Although 3 years is a relatively short study and does not account for long-term changes to the riparian zone through reforestation, the activities undertaken as part of the active restoration were expected to present immediate and persistent changes to the reach-scale habitat through increases in sinuosity and the incorporation of woody debris. The goal of complex habitat creation requires targeted monitoring both in the near and longer terms [8]. The effect, however, appears to demonstrate a system still in flux regarding habitat parameters, with some evidence of pulse disturbance rather than maintained change.
Finally, this study is inherently limited in scope, due to the inclusion of only one restoration site, rather than several. As such, there is an increased risk of identifying patterns of change that are site specific, rather than broadly applicable. Further work validating these near-term changes in future cranberry bog restorations as well as longitudinal study of longer-term changes at cranberry bog restorations are merited. In order to limit site-specific effects, we recommend a space-for-time substitution study when more projects of this scope and methodology are completed.

Supplementary Materials

The following are available online at https://www.mdpi.com/article/10.3390/d13060235/s1, Table S1: Quantitative and qualitative descriptions of the three treatment sites, cranberry bog restoration (CBR), active cranberry bog (ACB), and least impacted reference (LIR). Catchment details were obtained through ArcGIS [19] using data provided by MassGIS [37]. Table S2: Cranberry bog restoration (CBR) change over time for principal components 1 and 2 of local scale habitat PCA (Figure 3). Post-hoc Tukey’s HSD was performed to determine pairwise significant differences. Significant values (p > 0.05) are bolded. Table S3: ANOVA result table of habitat heterogeneity parameters with season as predictor variable. Parameters are diversity of in-stream cover (Hcov), diversity of substrate (Hsub), number of macrohabitats (Nhab), and standard deviation of depth (SDdep), all of which have been averaged across the 100 m station by the weighted average of their habitat lengths. Table S4: Effect size (BACI) of change before and after restoration (2015 to 2016, or 2015 to 2017) relative to control (LIR or ACB) treatment. Each effect size is calculated as described in text, with 95% confidence intervals generated from pooled variance. Bolding represents effects with confidence intervals not overlapping 0. ACB = active cranberry bog, CBR = cranberry bog restoration, LIR = least impacted reference. Table S5: Within-year differences between CBR and control treatments. T values represent Welch’s two-tailed t-tests between CBR and listed treatment in the same year. Due to unequal variances, Welch’s t-tests calculate ν, a modified df.

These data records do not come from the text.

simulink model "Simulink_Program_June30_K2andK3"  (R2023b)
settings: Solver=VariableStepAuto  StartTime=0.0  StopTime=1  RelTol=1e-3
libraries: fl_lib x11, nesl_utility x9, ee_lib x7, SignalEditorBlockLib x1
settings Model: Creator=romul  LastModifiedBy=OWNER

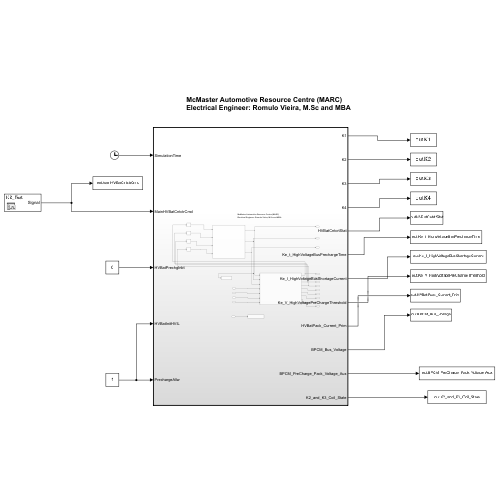
[thumbnail: Simulink's stored preview of the top-level diagram]
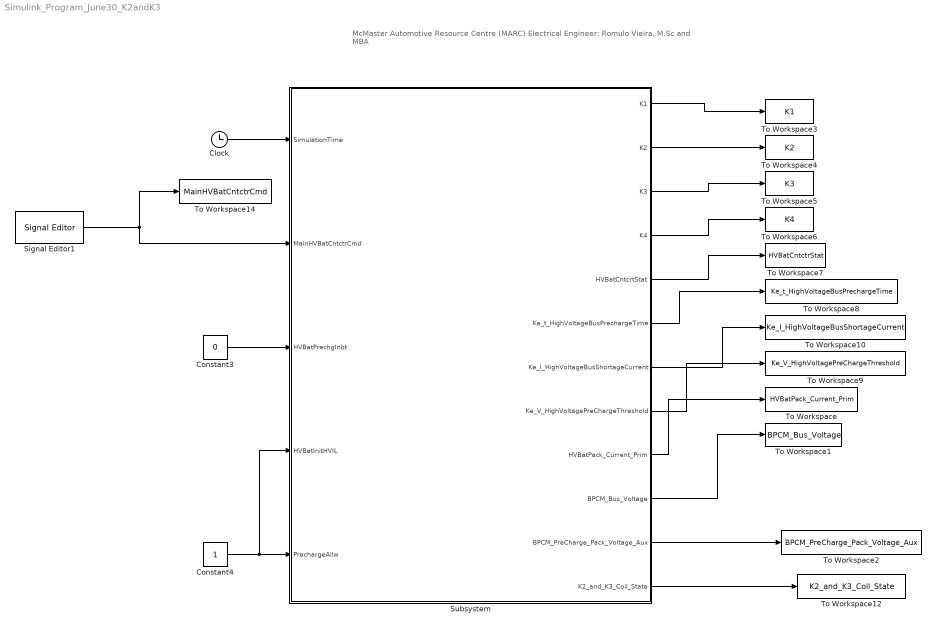
== system Simulink_Program_June30_K2andK3 ==
  note: McMaster Automotive Resource Centre (MARC)
      | Electrical Engineer: Romulo Vieira, M.Sc and MBA
  Clock : Clock
  Constant3 : Constant  Value=0
  Constant4 : Constant
  Signal Editor1 : SignalEditorBlockLib/Signal Editor  FileName=K2_Test.mat  ActiveScenario=K2_Test  ActiveSignal=Signal  IsBus=off  OutputBusObjectStr=Bus: BusObject  SampleTime=0  Interpolate=off  ZeroCross=off  OutputAfterFinalValue=Setting to zero  Unit=inherit  PreserveSignalName=on  ApplySigPropsToAllScenarios=on  ApplySigPropsToAllSignals=off
  Subsystem : Subsystem  TreatAsAtomicUnit=on
  To Workspace : ToWorkspace  VariableName=HVBatPack_Current_Prim  SampleTime=-1
  To Workspace1 : ToWorkspace  VariableName=BPCM_Bus_Voltage  SampleTime=-1
  To Workspace10 : ToWorkspace  VariableName=Ke_I_HighVoltageBusShortageCurrent  SampleTime=-1
  To Workspace12 : ToWorkspace  VariableName=K2_and_K3_Coil_State  SampleTime=-1
  To Workspace14 : ToWorkspace  VariableName=MainHVBatCntctrCmd  SaveFormat=Timeseries  SampleTime=-1
  To Workspace2 : ToWorkspace  VariableName=BPCM_PreCharge_Pack_Voltage_Aux  SampleTime=-1
  To Workspace3 : ToWorkspace  VariableName=K1  SaveFormat=Timeseries  SampleTime=-1
  To Workspace4 : ToWorkspace  VariableName=K2  SaveFormat=Timeseries  SampleTime=-1
  To Workspace5 : ToWorkspace  VariableName=K3  SaveFormat=Timeseries  SampleTime=-1
  To Workspace6 : ToWorkspace  VariableName=K4  SampleTime=-1
  To Workspace7 : ToWorkspace  VariableName=HVBatCntctrStat  SampleTime=-1
  To Workspace8 : ToWorkspace  VariableName=Ke_t_HighVoltageBusPrechargeTime  SampleTime=-1
  To Workspace9 : ToWorkspace  VariableName=Ke_V_HighVoltagePreChargeThreshold  SampleTime=-1
  wires:
  Subsystem/4(K4) -> To Workspace6/1
  Subsystem/12(K2_and_K3_Coil_State) -> To Workspace12/1
  Subsystem/7(Ke_I_HighVoltageBusShortageCurrent) -> To Workspace10/1
  Subsystem/1(K1) -> To Workspace3/1
  Clock/1 -> Subsystem/1(SimulationTime)
  Constant3/1 -> Subsystem/3(HVBatPrechgInbt)
  Subsystem/2(K2) -> To Workspace4/1
  Subsystem/8(Ke_V_HighVoltagePreChargeThreshold) -> To Workspace9/1
  Subsystem/3(K3) -> To Workspace5/1
  Constant4/1 -> Subsystem/5(PrechargeAllw), Subsystem/4(HVBatInitHVIL)
  Subsystem/11(BPCM_PreCharge_Pack_Voltage_Aux) -> To Workspace2/1
  Subsystem/6(Ke_t_HighVoltageBusPrechargeTime) -> To Workspace8/1
  Subsystem/5(HVBatCntcrtStat) -> To Workspace7/1
  Subsystem/10(BPCM_Bus_Voltage) -> To Workspace1/1
  Subsystem/9(HVBatPack_Current_Prim) -> To Workspace/1
  Signal Editor1/1 -> To Workspace14/1, Subsystem/2(MainHVBatCntctrCmd)

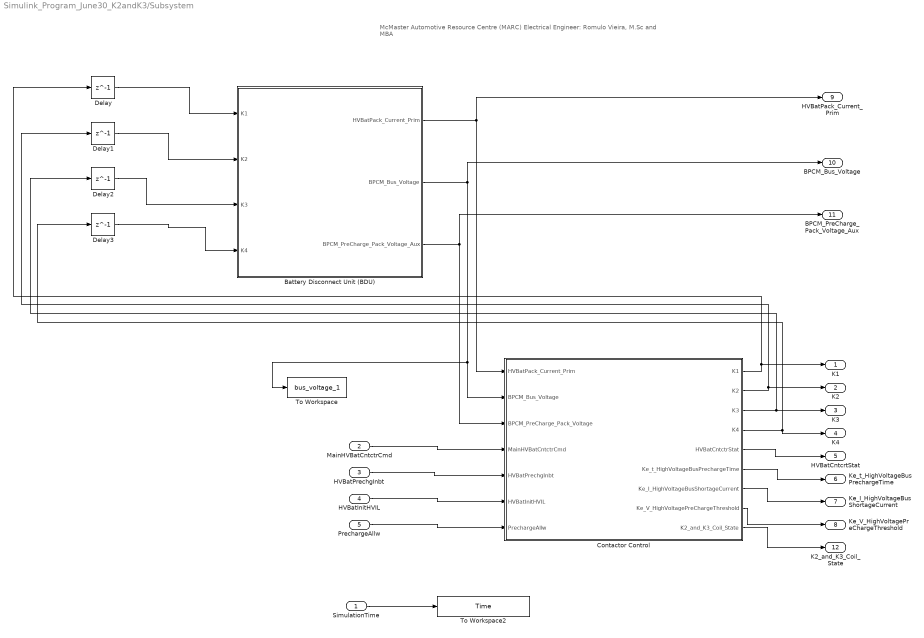
== system Simulink_Program_June30_K2andK3/Subsystem ==
  note: McMaster Automotive Resource Centre (MARC)
      | Electrical Engineer: Romulo Vieira, M.Sc and MBA
  SimulationTime : Inport
  MainHVBatCntctrCmd : Inport  Port=2
  HVBatPrechgInbt : Inport  Port=3
  HVBatInitHVIL : Inport  Port=4
  PrechargeAllw : Inport  Port=5
  Battery Disconnect Unit (BDU) : Subsystem  TreatAsAtomicUnit=on
  Contactor Control : Subsystem  TreatAsAtomicUnit=on
  Delay{,1..3} (4 alike) : Delay  DelayLength=1
  To Workspace : ToWorkspace  VariableName=bus_voltage_1  SaveFormat=Timeseries  SampleTime=-1
  To Workspace2 : ToWorkspace  VariableName=Time  SampleTime=0.001
  K1 : Outport
  K2 : Outport  Port=2
  K3 : Outport  Port=3
  K4 : Outport  Port=4
  HVBatCntcrtStat : Outport  Port=5
  Ke_t_HighVoltageBusPrechargeTime : Outport  Port=6
  Ke_I_HighVoltageBusShortageCurrent : Outport  Port=7
  Ke_V_HighVoltagePreChargeThreshold : Outport  Port=8
  HVBatPack_Current_Prim : Outport  Port=9
  BPCM_Bus_Voltage : Outport  Port=10
  BPCM_PreCharge_Pack_Voltage_Aux : Outport  Port=11
  K2_and_K3_Coil_State : Outport  Port=12
  wires:
  Battery Disconnect Unit (BDU)/1(HVBatPack_Current_Prim) -> HVBatPack_Current_Prim/1, Contactor Control/1(HVBatPack_Current_Prim)
  HVBatPrechgInbt/1 -> Contactor Control/5(HVBatPrechgInbt)
  HVBatInitHVIL/1 -> Contactor Control/6(HVBatInitHVIL)
  PrechargeAllw/1 -> Contactor Control/7(PrechargeAllw)
  Contactor Control/1(K1) -> K1/1, Delay/1
  Contactor Control/2(K2) -> Delay1/1, K2/1
  Contactor Control/3(K3) -> Delay2/1, K3/1
  Contactor Control/4(K4) -> Delay3/1, K4/1
  Contactor Control/5(HVBatCntctrStat) -> HVBatCntcrtStat/1
  Contactor Control/6(Ke_t_HighVoltageBusPrechargeTime) -> Ke_t_HighVoltageBusPrechargeTime/1
  Contactor Control/7(Ke_I_HighVoltageBusShortageCurrent) -> Ke_I_HighVoltageBusShortageCurrent/1
  Contactor Control/8(Ke_V_HighVoltagePreChargeThreshold) -> Ke_V_HighVoltagePreChargeThreshold/1
  Battery Disconnect Unit (BDU)/3(BPCM_PreCharge_Pack_Voltage_Aux) -> BPCM_PreCharge_Pack_Voltage_Aux/1, Contactor Control/3(BPCM_PreCharge_Pack_Voltage)
  Delay/1 -> Battery Disconnect Unit (BDU)/1(K1)
  Delay1/1 -> Battery Disconnect Unit (BDU)/2(K2)
  Delay2/1 -> Battery Disconnect Unit (BDU)/3(K3)
  Delay3/1 -> Battery Disconnect Unit (BDU)/4(K4)
  SimulationTime/1 -> To Workspace2/1
  Battery Disconnect Unit (BDU)/2(BPCM_Bus_Voltage) -> BPCM_Bus_Voltage/1, Contactor Control/2(BPCM_Bus_Voltage), To Workspace/1
  Contactor Control/9(K2_and_K3_Coil_State) -> K2_and_K3_Coil_State/1
  MainHVBatCntctrCmd/1 -> Contactor Control/4(MainHVBatCntctrCmd)

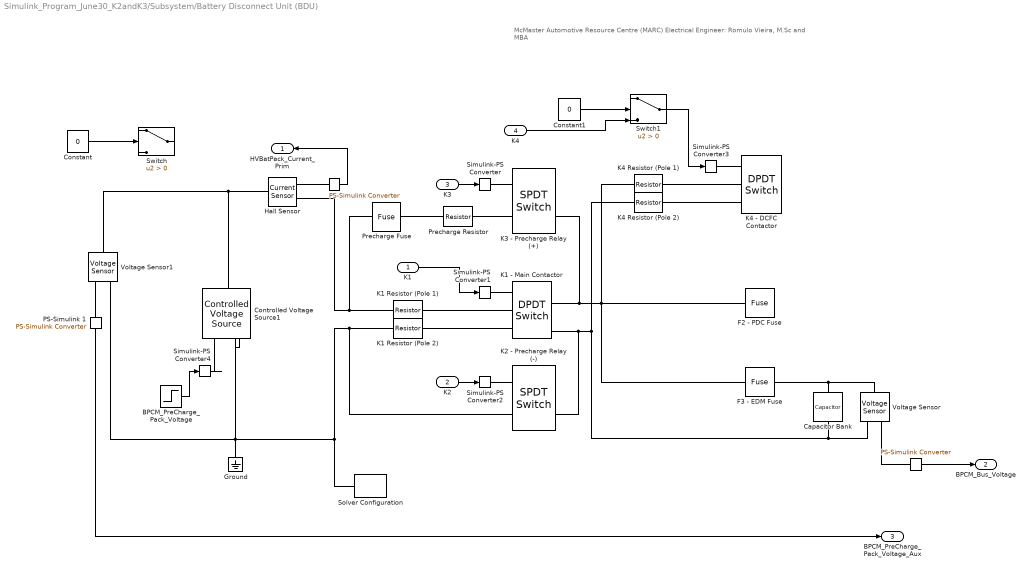
== system Simulink_Program_June30_K2andK3/Subsystem/Battery Disconnect Unit (BDU) ==
  note: McMaster Automotive Resource Centre (MARC)
      | Electrical Engineer: Romulo Vieira, M.Sc and MBA
  K1 : Inport
  K2 : Inport  Port=2
  K3 : Inport  Port=3
  K4 : Inport  Port=4
  "   " : nesl_utility/PS-Simulink Converter  PhysicalDomain=network_engine_domain  SubClassName=ps_output  LeftPortType=input  RightPortType=output  PseudoPeriodic=off  Frequencies=[]  VectorFormat=inherit  Unit=inherit  AffineConversion=off
  " " : nesl_utility/PS-Simulink Converter  PhysicalDomain=network_engine_domain  SubClassName=ps_output  LeftPortType=input  RightPortType=output  PseudoPeriodic=off  Frequencies=[]  VectorFormat=inherit  Unit=inherit  AffineConversion=off
  BPCM_PreCharge_Pack_Voltage : Step  Time=0  After=450  SampleTime=0.001
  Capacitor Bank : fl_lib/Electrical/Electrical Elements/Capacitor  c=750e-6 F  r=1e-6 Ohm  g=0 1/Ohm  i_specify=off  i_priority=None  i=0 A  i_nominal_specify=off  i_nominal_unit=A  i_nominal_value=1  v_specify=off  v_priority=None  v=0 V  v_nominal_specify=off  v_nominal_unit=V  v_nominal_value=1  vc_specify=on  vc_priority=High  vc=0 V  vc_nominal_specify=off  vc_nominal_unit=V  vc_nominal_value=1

Bolding represents changes that are significantly different (α = 0.008, Bonferroni correction for six comparisons per year). ACB = active cranberry bog, CBR = cranberry bog restoration, LIR = least impacted reference. Figure S1: ANOVA results for Principal Components 1 and 2 from local scale habitat transect (BASS) data. Analysis was performed within seasons to avoid confounding variables from seasonal change. PC1 in spring (A), PC1 in spring (A), PC2 in spring (B), PC1 in summer (C), PC2 in summer (D), PC1 in fall (E), PC2 in fall (F). Significantly different values within each graph, as determined by Tukey’s HSD, are marked with different letters; shared letters represent nonsignificant differences.

Author Contributions

Conceptualization, S.T.M. and A.D.C.; methodology, S.T.M. and A.D.C.; analysis, S.T.M.; investigation, S.T.M.; field work, S.T.M. and T.F.D.; data curation, S.T.M. and T.F.D.; writing—original draft preparation, S.T.M. and A.D.C.; writing—review and editing, S.T.M. and A.D.C.; visualization, S.T.M.; supervision, A.D.C.; project administration, A.D.C.; funding acquisition, A.D.C. All authors have read and agreed to the published version of the manuscript.

Funding

Funding for this research was provided by Alan Christian through both the Biology Department and School for the Environment at the University of Massachusetts Boston (UMB), as well as the Distinguished Doctoral Fellowship (UMB) and UMB’s Coasts and Communities NSF IGERT Fellowship (NSF Award Number 1249946). Additional funds were secured through the crowdfunding site Experiment.com, as well as the UMB Biology Department’s Doctoral Dissertation Improvement Grant and Lipke Travel Grants.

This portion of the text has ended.